* Exercise instructions
Below are the records. Gather each line that holds "centre".

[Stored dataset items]
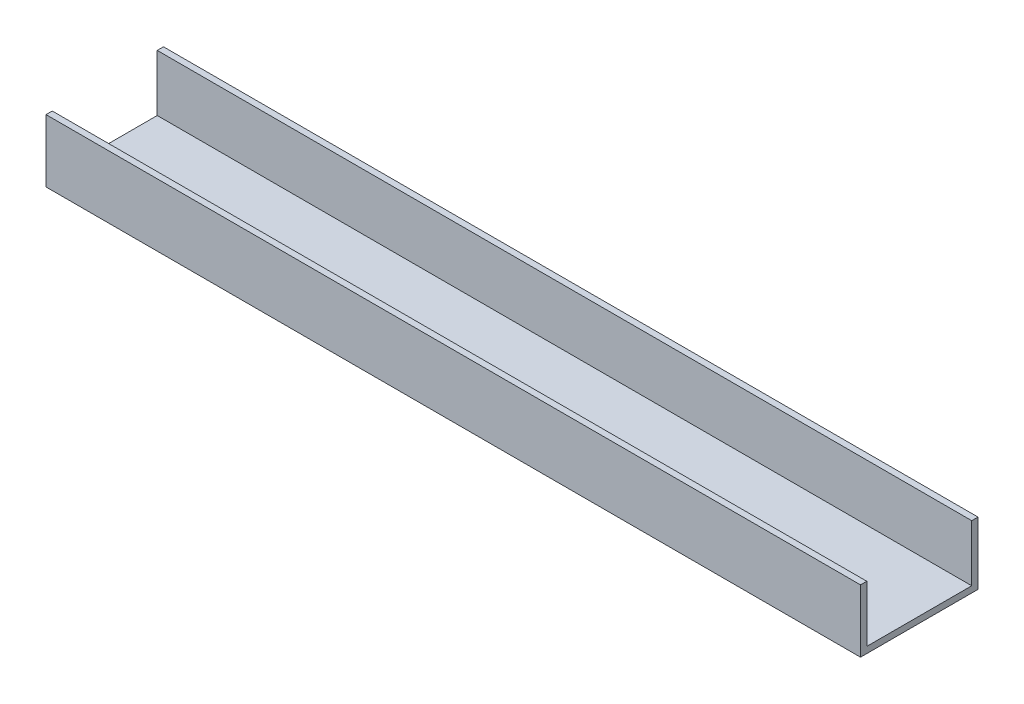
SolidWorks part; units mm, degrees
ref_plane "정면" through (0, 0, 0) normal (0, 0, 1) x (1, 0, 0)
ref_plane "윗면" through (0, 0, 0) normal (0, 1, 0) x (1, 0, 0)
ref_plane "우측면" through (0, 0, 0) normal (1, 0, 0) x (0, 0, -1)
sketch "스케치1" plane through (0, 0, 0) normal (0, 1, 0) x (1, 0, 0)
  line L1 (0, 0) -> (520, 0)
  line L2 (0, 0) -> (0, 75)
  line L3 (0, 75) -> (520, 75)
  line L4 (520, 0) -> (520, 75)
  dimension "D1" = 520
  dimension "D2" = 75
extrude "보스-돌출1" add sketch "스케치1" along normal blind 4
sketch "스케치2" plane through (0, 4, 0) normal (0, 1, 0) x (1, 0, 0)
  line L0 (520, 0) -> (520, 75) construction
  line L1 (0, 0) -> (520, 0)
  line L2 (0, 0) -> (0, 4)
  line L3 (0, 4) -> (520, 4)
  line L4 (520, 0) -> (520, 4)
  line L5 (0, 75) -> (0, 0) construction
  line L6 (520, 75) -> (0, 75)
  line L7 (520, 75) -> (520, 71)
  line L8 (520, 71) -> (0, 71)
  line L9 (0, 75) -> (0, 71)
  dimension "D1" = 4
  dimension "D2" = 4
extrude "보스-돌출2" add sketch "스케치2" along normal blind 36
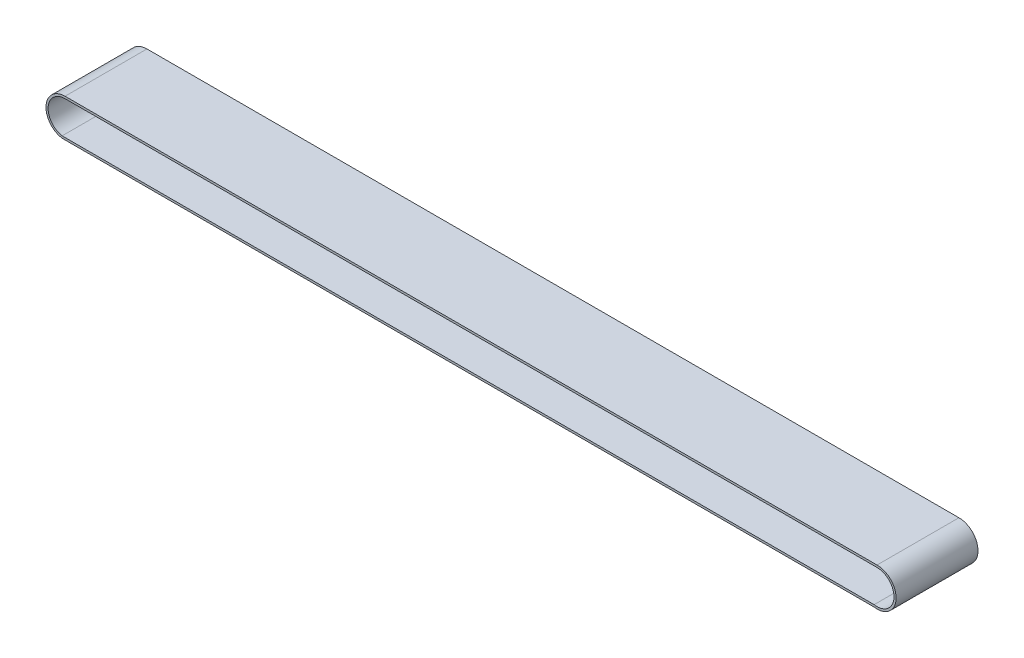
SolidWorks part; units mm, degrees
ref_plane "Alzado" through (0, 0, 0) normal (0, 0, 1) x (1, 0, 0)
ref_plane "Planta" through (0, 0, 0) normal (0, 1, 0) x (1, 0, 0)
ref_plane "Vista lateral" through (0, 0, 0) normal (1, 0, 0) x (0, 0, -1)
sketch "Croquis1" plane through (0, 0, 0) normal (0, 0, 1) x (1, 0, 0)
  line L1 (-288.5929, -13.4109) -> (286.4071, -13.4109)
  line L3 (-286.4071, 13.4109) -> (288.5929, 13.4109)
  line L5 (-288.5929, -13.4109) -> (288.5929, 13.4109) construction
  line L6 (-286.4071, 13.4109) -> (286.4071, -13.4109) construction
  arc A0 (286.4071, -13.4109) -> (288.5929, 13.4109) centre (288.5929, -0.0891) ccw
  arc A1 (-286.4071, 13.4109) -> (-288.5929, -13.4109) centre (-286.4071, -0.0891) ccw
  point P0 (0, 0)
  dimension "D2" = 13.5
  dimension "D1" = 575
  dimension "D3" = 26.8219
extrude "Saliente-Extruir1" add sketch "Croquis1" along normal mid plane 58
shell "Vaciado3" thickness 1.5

* Result below
  arc A0 (286.4071, -13.4109) -> (288.5929, 13.4109) centre (288.5929, -0.0891) ccw
  arc A1 (-286.4071, 13.4109) -> (-288.5929, -13.4109) centre (-286.4071, -0.0891) ccw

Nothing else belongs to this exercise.